The Open Source Identity Crisis - dorkitude
http://modelviewculture.com/pieces/the-open-source-identity-crisis
======
alexqgb
In pointing out that "merit" can be freely defined, this piece shows that
meritocracies are, in fact, arbitrary. If there's a key line, it seems to be
this one:

"This is about who these people believe open source is for, and by extension,
their own self-identity. Indeed, when people are challenged to explain
themselves, you get nonsense and cognitive dissonance. People are being openly
hypocritical, with no apparent awareness. The closer they get to confronting
the truth, the more likely they are to break down in anger and confusion."

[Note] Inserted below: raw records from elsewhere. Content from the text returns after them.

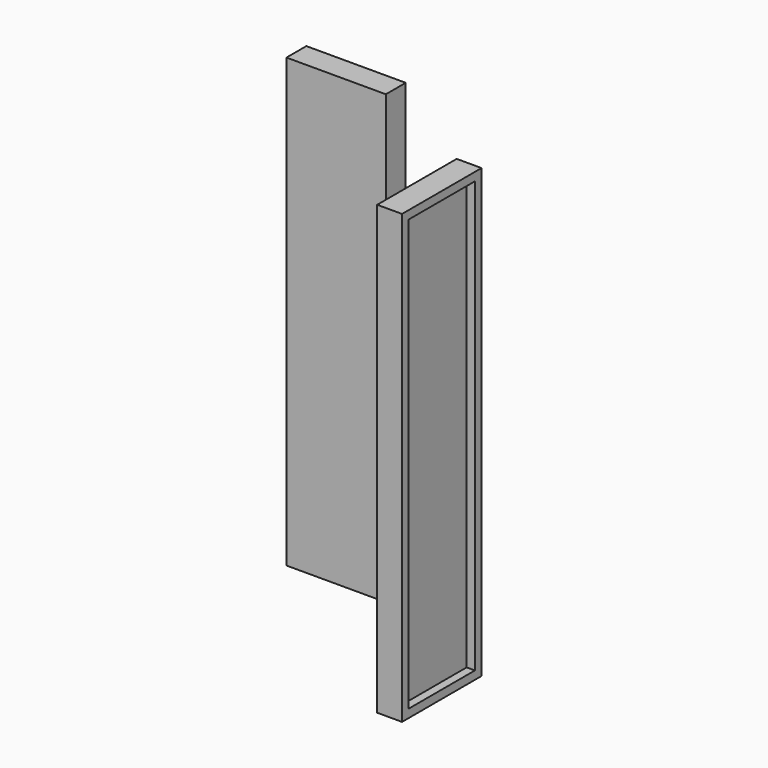
from build123d import *

# Parameters (mm, degrees)
F0_W     = 60
F0_H     = 270
F2_DEPTH = 15
F3_W     = 50
F3_H     = 260
F4_DEPTH = 5
F1_W     = 60
F1_H     = 270
F5_DEPTH = 15
F6_W     = 50
F6_H     = 260
F7_DEPTH = 5
F9_DEPTH = 10


# Not quite as in the source:
# - a feature names something its author has since deleted; it is built from what else it names


with BuildPart() as f2:
    # F0 (on Front) → F2 (new body)
    with BuildSketch(Plane.XZ):
        with Locations((-121.8493213905, -25.8904273567)):
            Rectangle(F0_W, F0_H)
    extrude(amount=F2_DEPTH)

    # F3 (on face) → F4 (join)
    with BuildSketch(Plane.XZ):
        with Locations((-121.8493213905, -25.8904273567)):
            Rectangle(F3_W, F3_H)
    extrude(amount=-F4_DEPTH)

    # F8 (on face) → F9 (cut)
    with BuildSketch(Plane(origin=(0, 5, 0), x_dir=(-1, 0, 0), z_dir=(0, 1, 0))):
        with BuildLine():
            Line((109.8493213905, -150.8904273567), (133.8493213905, -150.8904273567))
            Line((133.8493213905, -150.8904273567), (133.8493213905, -45.8904273567))
            add(Edge.make_bspline(
                [(109.8493213905, -45.8904273567), (121.8493213905, -57.1404273567), (133.8493213905, -45.8904273567)],
                knots=[2.4980915448, 2.4980915448, 2.4980915448, 3.7850937624, 3.7850937624, 3.7850937624], degree=2, weights=[1, 0.8, 1]))
            Line((109.8493213905, -45.8904273567), (109.8493213905, -150.8904273567))
        make_face()
        with BuildLine():
            add(Edge.make_bspline(
                [(133.8493213905, -5.8904273567), (128.5159880572, -0.8904273567), (121.8493213905, -0.8904273567)],
                knots=[5.6396841984, 5.6396841984, 5.6396841984, 6.2831853072, 6.2831853072, 6.2831853072], degree=2, weights=[1, 0.9486832981, 1]))
            Line((133.8493213905, -5.8904273567), (133.8493213905, 99.1095726433))
            Line((133.8493213905, 99.1095726433), (109.8493213905, 99.1095726433))
            Line((109.8493213905, 99.1095726433), (109.8493213905, -5.8904273567))
            add(Edge.make_bspline(
                [(121.8493213905, -0.8904273567), (115.1826547239, -0.8904273567), (109.8493213905, -5.8904273567)],
                knots=[0, 0, 0, 0.6435011088, 0.6435011088, 0.6435011088], degree=2, weights=[1, 0.9486832981, 1]))
        make_face()
        with BuildLine():
            Line((133.8493213905, -5.8904273567), (133.8493213905, -45.8904273567))
            add(Edge.make_bspline(
                [(133.8493213905, -45.8904273567), (155.1826547239, -25.8904273567), (133.8493213905, -5.8904273567)],
                knots=[3.7850937624, 3.7850937624, 3.7850937624, 5.6396841984, 5.6396841984, 5.6396841984], degree=2, weights=[1, 0.6, 1]))
        make_face()
        with BuildLine():
            add(Edge.make_bspline(
                [(109.8493213905, -45.8904273567), (121.8493213905, -57.1404273567), (133.8493213905, -45.8904273567)],
                knots=[2.4980915448, 2.4980915448, 2.4980915448, 3.7850937624, 3.7850937624, 3.7850937624], degree=2, weights=[1, 0.8, 1]))
            Line((133.8493213905, -45.8904273567), (133.8493213905, -5.8904273567))
            add(Edge.make_bspline(
                [(133.8493213905, -5.8904273567), (128.5159880572, -0.8904273567), (121.8493213905, -0.8904273567)],
                knots=[5.6396841984, 5.6396841984, 5.6396841984, 6.2831853072, 6.2831853072, 6.2831853072], degree=2, weights=[1, 0.9486832981, 1]))
            add(Edge.make_bspline(
                [(121.8493213905, -0.8904273567), (115.1826547239, -0.8904273567), (109.8493213905, -5.8904273567)],
                knots=[0, 0, 0, 0.6435011088, 0.6435011088, 0.6435011088], degree=2, weights=[1, 0.9486832981, 1]))
            Line((109.8493213905, -5.8904273567), (109.8493213905, -45.8904273567))
        make_face()
        with BuildLine():
            add(Edge.make_bspline(
                [(109.8493213905, -5.8904273567), (88.5159880572, -25.8904273567), (109.8493213905, -45.8904273567)],
                knots=[0.6435011088, 0.6435011088, 0.6435011088, 2.4980915448, 2.4980915448, 2.4980915448], degree=2, weights=[1, 0.6, 1]))
            Line((109.8493213905, -45.8904273567), (109.8493213905, -5.8904273567))
        make_face()
    extrude(amount=-F9_DEPTH, mode=Mode.SUBTRACT)


with BuildPart() as f5:
    # F1 (on Right) → F5 (new body)
    with BuildSketch(Plane.YZ):
        with Locations((-106.3447256267, -5.4207965732)):
            Rectangle(F1_W, F1_H)
    extrude(amount=F5_DEPTH)

    # F6 (on face) → F7 (cut)
    with BuildSketch(Plane.YZ.offset(15)):
        with Locations((-106.3447256267, -5.4207965732)):
            Rectangle(F6_W, F6_H)
    extrude(amount=-F7_DEPTH, mode=Mode.SUBTRACT)


solid = Compound([f2.part, f5.part])

What's worth noting is that this pattern - of a previously secure group
finding itself set upon by "outsiders" wanting in - is repeated in many
spheres. Typically, the combination of limited self-awareness, egregious
hypocrisy, and a flood of blinding, reflexive anger does not work out well for
the group of people who display it.

At the same time, dis-empowering gatekeepers who behave like this tends to be
a major boon for the fields they previously dominated without challenge.

------
dang
The HN software originally killed this article because the submitting account
had been flagged for posting HN-inappropriate articles in the past (e.g.
[https://news.ycombinator.com/item?id=7847688](https://news.ycombinator.com/item?id=7847688)
and
[https://news.ycombinator.com/item?id=6535840](https://news.ycombinator.com/item?id=6535840)).

This had nothing to do either with the present post or with the site, which is
not banned:
[https://hn.algolia.com/?q=modelviewculture#!/story/sort_by_d...](https://hn.algolia.com/?q=modelviewculture#!/story/sort_by_date/0/modelviewculture).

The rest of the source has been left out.